Assemble triggers: the two boards can be assembled in any order, but not simultaneously due to insufficient clearance for the connector. Use two spacers under the bottom most mounting holes under the mote; the FSR circuit does not use spacers. I have been using 1/4” screws for the FSR board, but the plastic 5/16” screws work as well. The FSR board requires 3/16” screws. Assemble one board, attach the connector, and then assemble the other board. The assembled triggers then need to be tested with verified working pucks (set the trim pot to roughly half a turn).
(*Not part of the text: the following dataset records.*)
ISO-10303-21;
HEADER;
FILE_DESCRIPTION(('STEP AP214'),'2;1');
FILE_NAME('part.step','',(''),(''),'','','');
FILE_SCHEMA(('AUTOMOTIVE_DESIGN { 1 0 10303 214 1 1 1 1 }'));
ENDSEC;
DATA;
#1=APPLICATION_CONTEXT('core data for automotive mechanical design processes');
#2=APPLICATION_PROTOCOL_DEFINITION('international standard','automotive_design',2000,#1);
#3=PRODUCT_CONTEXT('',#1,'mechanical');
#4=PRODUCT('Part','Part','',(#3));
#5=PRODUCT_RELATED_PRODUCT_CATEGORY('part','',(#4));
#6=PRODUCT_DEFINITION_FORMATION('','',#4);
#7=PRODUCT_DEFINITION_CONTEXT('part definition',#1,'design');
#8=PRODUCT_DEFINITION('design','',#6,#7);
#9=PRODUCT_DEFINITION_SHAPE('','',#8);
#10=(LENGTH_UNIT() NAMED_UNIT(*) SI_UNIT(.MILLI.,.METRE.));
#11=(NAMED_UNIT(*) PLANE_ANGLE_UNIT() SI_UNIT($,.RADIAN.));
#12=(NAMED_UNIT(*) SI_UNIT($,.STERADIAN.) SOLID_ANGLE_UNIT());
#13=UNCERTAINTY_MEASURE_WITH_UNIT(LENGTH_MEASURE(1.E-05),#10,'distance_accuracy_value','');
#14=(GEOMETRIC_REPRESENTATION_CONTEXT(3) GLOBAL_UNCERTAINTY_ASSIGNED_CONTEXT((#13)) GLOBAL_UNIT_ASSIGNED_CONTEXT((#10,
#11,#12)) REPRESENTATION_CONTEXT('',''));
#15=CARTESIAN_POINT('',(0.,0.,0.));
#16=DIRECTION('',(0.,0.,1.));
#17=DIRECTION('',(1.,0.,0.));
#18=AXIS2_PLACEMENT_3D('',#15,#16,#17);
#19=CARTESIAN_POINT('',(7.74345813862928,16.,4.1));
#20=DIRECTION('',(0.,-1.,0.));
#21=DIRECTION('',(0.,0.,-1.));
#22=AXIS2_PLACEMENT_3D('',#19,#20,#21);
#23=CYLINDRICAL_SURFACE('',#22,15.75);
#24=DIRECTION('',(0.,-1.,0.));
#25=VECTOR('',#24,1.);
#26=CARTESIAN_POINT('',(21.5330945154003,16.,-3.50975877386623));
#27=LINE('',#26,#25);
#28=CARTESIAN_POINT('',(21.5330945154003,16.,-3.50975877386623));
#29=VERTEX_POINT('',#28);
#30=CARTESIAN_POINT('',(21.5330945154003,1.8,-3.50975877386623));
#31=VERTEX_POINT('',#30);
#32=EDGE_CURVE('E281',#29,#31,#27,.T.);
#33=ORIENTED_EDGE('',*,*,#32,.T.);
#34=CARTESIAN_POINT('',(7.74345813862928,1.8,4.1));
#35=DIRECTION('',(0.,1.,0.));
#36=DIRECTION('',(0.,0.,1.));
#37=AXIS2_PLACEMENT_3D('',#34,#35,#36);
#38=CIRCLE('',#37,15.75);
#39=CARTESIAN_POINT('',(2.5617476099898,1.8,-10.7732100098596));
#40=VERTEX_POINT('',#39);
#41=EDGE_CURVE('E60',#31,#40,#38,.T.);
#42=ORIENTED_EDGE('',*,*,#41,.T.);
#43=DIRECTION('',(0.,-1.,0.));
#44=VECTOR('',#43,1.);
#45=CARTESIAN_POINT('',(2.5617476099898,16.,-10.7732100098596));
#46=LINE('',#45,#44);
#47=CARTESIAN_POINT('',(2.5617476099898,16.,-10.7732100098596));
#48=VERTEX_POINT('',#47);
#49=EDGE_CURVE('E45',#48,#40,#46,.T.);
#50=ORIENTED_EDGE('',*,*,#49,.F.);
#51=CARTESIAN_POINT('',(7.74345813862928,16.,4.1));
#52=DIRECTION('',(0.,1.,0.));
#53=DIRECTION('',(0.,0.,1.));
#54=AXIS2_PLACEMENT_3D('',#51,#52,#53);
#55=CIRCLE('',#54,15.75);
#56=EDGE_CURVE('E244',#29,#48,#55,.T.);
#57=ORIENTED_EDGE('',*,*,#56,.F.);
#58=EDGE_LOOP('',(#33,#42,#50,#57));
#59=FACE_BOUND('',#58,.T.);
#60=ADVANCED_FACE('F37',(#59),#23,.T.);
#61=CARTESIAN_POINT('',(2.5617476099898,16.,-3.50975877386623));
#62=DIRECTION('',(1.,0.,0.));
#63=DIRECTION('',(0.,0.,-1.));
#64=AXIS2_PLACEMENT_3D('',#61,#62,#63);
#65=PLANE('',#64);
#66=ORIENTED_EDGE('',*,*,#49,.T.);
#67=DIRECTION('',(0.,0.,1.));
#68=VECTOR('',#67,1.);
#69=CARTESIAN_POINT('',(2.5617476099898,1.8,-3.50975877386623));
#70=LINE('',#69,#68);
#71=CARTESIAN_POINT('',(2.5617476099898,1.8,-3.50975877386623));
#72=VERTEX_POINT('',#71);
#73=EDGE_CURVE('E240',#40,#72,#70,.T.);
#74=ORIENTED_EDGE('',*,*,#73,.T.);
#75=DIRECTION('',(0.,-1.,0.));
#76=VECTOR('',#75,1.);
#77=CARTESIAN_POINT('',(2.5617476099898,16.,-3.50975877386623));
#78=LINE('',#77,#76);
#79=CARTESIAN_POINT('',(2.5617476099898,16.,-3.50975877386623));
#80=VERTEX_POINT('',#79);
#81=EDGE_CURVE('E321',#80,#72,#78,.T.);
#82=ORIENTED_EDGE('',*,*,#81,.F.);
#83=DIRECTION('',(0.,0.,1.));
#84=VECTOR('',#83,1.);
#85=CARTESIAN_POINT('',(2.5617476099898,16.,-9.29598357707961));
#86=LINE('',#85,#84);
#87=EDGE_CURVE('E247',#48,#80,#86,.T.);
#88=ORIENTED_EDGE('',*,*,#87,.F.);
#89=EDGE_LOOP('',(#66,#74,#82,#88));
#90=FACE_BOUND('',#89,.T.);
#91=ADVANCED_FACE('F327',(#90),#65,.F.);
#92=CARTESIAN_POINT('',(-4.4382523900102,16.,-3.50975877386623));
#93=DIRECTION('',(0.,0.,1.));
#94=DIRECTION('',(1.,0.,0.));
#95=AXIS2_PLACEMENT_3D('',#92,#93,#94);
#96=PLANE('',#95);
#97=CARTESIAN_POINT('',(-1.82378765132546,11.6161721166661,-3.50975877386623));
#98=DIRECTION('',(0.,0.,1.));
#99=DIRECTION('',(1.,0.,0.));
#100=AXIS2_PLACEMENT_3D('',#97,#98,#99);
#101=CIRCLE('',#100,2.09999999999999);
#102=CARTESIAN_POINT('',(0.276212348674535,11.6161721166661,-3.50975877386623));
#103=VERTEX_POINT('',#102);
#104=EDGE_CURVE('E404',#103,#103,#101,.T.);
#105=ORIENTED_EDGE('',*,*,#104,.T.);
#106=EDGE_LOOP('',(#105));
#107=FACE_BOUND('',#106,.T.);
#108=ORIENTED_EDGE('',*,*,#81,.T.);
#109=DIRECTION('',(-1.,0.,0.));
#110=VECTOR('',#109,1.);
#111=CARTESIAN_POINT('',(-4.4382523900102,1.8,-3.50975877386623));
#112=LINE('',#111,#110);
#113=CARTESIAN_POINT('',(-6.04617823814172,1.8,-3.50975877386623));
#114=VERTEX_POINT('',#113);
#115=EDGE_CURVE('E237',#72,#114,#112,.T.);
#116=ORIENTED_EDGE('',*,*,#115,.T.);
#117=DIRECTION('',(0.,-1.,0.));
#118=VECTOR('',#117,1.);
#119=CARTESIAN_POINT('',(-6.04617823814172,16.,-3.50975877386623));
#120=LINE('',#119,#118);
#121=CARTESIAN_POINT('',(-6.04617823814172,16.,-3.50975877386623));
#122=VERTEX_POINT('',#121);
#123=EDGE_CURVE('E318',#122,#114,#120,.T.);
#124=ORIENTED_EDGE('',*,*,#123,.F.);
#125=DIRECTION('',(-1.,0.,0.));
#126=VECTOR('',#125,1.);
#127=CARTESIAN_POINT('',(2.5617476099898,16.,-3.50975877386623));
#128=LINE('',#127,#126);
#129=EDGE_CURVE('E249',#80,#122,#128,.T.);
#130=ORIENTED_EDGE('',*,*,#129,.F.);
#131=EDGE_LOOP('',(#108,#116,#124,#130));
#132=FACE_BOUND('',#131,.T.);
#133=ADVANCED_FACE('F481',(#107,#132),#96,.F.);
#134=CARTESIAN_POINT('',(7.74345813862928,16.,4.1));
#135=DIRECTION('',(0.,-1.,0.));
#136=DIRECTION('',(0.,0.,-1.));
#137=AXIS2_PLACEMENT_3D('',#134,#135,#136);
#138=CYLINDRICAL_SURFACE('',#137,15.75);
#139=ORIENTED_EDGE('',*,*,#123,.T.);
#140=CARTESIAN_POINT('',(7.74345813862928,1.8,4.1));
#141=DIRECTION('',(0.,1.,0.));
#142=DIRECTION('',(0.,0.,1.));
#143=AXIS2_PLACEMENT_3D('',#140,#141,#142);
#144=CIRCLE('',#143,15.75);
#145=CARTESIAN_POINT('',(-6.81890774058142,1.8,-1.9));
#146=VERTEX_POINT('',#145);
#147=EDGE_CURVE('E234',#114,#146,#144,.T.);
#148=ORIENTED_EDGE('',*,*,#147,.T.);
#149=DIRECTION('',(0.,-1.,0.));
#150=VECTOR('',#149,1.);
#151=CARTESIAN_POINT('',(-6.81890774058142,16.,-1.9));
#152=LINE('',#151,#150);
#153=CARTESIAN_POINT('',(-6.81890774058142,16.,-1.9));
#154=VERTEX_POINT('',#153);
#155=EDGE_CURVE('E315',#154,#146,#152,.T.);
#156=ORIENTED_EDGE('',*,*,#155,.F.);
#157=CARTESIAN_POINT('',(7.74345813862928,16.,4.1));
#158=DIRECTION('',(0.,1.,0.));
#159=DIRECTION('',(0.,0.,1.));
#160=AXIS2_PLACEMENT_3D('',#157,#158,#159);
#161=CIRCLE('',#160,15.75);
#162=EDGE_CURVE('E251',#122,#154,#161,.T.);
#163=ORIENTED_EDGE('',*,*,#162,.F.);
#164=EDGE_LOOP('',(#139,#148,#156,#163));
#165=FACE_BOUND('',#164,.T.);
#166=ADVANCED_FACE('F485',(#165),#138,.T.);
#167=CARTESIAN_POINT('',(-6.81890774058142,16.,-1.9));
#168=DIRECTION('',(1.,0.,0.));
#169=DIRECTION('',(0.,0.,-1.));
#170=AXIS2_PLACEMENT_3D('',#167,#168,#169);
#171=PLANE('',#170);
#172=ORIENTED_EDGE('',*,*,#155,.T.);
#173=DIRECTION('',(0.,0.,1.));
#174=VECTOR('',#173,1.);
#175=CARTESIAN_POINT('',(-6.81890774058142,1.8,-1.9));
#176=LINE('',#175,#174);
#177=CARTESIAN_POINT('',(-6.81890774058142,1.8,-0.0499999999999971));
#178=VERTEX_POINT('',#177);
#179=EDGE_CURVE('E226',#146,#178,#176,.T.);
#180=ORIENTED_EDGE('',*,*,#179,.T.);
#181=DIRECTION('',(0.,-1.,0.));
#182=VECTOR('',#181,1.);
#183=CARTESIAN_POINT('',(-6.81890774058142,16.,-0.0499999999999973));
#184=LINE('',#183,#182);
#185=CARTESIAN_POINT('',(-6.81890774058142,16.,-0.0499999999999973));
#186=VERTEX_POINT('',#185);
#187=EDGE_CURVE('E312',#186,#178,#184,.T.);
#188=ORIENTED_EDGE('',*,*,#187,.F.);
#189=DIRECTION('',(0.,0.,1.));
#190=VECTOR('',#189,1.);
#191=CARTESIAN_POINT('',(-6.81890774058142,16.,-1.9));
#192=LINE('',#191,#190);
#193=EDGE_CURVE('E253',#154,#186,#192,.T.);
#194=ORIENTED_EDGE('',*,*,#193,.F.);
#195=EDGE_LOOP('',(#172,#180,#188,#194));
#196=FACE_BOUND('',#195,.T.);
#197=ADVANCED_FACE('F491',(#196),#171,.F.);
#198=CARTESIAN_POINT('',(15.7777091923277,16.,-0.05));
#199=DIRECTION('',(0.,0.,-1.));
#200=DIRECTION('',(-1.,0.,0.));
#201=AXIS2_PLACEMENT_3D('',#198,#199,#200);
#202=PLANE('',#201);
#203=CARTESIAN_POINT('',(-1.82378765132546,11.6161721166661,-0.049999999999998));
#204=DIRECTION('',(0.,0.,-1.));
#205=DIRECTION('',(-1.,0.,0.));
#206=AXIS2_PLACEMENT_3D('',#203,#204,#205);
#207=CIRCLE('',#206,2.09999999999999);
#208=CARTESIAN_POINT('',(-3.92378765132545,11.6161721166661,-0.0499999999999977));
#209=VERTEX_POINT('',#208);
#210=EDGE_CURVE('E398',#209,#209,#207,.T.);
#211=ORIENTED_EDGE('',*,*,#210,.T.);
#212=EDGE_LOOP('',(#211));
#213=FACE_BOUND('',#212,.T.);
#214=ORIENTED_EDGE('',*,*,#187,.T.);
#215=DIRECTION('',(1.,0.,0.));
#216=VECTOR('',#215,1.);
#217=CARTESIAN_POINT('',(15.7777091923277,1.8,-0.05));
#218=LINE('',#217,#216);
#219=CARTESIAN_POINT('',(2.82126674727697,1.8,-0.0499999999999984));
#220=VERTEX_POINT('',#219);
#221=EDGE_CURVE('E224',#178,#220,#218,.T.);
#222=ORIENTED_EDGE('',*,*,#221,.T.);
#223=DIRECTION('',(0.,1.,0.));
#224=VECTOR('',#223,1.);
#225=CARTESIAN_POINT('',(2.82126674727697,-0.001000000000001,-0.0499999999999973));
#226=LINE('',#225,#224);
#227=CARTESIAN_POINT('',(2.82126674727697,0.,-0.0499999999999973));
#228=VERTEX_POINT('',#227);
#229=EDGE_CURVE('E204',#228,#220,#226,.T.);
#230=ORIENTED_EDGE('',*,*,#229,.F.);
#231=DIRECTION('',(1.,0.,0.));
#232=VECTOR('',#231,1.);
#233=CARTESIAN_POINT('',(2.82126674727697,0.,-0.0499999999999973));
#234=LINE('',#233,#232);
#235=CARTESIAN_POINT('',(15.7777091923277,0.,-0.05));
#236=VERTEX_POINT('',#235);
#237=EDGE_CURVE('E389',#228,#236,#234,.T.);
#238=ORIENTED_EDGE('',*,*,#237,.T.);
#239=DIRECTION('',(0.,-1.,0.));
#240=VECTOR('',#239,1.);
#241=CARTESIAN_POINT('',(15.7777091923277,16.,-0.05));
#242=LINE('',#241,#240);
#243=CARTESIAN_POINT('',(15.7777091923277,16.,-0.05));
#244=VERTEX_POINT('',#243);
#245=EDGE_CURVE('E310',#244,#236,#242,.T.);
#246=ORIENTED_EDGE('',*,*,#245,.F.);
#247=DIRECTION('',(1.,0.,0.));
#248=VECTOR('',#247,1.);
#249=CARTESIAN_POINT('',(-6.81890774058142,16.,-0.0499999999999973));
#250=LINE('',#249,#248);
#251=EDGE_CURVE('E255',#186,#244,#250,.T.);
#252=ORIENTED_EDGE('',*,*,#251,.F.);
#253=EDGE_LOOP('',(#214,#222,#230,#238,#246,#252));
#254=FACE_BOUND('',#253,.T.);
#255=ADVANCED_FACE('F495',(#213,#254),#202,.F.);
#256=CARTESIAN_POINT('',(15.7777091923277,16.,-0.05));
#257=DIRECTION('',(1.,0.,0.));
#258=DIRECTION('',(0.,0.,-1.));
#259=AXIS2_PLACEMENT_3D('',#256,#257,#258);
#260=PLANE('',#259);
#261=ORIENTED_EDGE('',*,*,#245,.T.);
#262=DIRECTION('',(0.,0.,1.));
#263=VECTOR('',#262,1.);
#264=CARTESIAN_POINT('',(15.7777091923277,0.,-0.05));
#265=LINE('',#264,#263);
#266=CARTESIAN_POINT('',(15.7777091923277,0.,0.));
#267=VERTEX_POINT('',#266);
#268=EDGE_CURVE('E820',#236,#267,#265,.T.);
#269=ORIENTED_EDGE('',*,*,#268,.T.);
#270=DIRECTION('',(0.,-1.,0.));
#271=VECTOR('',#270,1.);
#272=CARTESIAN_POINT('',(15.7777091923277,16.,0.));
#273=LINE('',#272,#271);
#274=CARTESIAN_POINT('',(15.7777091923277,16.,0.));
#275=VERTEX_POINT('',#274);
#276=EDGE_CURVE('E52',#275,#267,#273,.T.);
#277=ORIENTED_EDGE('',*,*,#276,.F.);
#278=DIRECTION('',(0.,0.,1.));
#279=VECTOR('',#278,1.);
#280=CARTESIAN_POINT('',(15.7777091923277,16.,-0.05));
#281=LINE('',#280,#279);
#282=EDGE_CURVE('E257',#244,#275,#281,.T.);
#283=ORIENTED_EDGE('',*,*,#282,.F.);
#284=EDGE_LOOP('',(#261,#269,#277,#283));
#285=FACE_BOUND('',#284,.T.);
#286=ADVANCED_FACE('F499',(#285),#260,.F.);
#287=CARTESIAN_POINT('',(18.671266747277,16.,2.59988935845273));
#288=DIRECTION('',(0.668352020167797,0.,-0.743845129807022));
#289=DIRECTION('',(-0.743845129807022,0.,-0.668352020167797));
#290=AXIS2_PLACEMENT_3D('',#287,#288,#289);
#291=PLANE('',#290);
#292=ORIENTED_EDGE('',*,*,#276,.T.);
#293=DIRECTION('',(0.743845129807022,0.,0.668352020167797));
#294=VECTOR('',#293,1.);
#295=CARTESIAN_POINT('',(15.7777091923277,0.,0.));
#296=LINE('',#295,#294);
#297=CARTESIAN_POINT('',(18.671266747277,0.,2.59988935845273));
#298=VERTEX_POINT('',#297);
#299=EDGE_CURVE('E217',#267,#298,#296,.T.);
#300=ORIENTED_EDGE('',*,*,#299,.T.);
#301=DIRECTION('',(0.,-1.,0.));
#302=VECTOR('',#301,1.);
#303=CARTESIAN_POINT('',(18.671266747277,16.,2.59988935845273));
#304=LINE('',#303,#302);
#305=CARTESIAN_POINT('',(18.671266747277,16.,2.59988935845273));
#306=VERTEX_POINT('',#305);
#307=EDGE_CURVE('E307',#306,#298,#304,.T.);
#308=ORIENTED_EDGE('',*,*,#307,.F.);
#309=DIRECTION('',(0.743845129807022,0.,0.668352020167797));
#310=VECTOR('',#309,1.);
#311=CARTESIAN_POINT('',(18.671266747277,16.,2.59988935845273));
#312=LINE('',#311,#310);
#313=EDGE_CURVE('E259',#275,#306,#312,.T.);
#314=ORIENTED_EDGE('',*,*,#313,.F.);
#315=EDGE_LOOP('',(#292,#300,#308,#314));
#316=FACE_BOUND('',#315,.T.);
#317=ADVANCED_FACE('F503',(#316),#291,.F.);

Assemble lids: the plastic panels for the lids are in a plastic bag on top of the gray parts cabinets. I have used the blue Loctite superglue to attach them to the inside lip of the lids. Make sure that this inset is clear of plastic burrs or dirt before gluing. There are three holes on the panels: one for the switch, a circle for the button, and the largest hole for the USB receptacle. To align the panel, I place the panel laterally so that a little less than half of the material between the USB hole and the edge of the panel is covered by the lip on the puck lid. See an assembled puck for reference. You should also allow about an hour for the glue to cure. After all parts have been tested, assembly the lid to the trigger body using 9/16” screws. When I assembled 31 triggers, I encountered a >50% fit failure. This is mostly due to the trigger body flexing. Another cause is incorrect hole alignment between the one FSR circuit board mounting hole and the counterbore in the trigger body. To troubleshoot these problems, first ensure that the screw path from the counterbore to the screw hole is straight. If the mounting hole in the FSR circuit board is not aligned, remove one of the mounting screws (the one closest to the USB receptacle) on the FSR circuit to allow the board/mounting hole to float into alignment. If assembly still fails, it may be because the ‘top’ screw (that passes through the mote) is not long enough to engage its threads. I trimmed 3/4” plastic screws to be a couple millimeters longer than 9/16” (you may also try using 5/8” metal screws). Using plastic screws, you may find that the lid does not completely fasten to the trigger body, but the screw should stay in and prevent the top of the lid from rotating or flexing out too much.
PRO/E:
All current files are in S:\ProE\Current Puck 7-26. These files should be concurrent with Howard’s files and include both the MFG sequences and CAM code that he generated.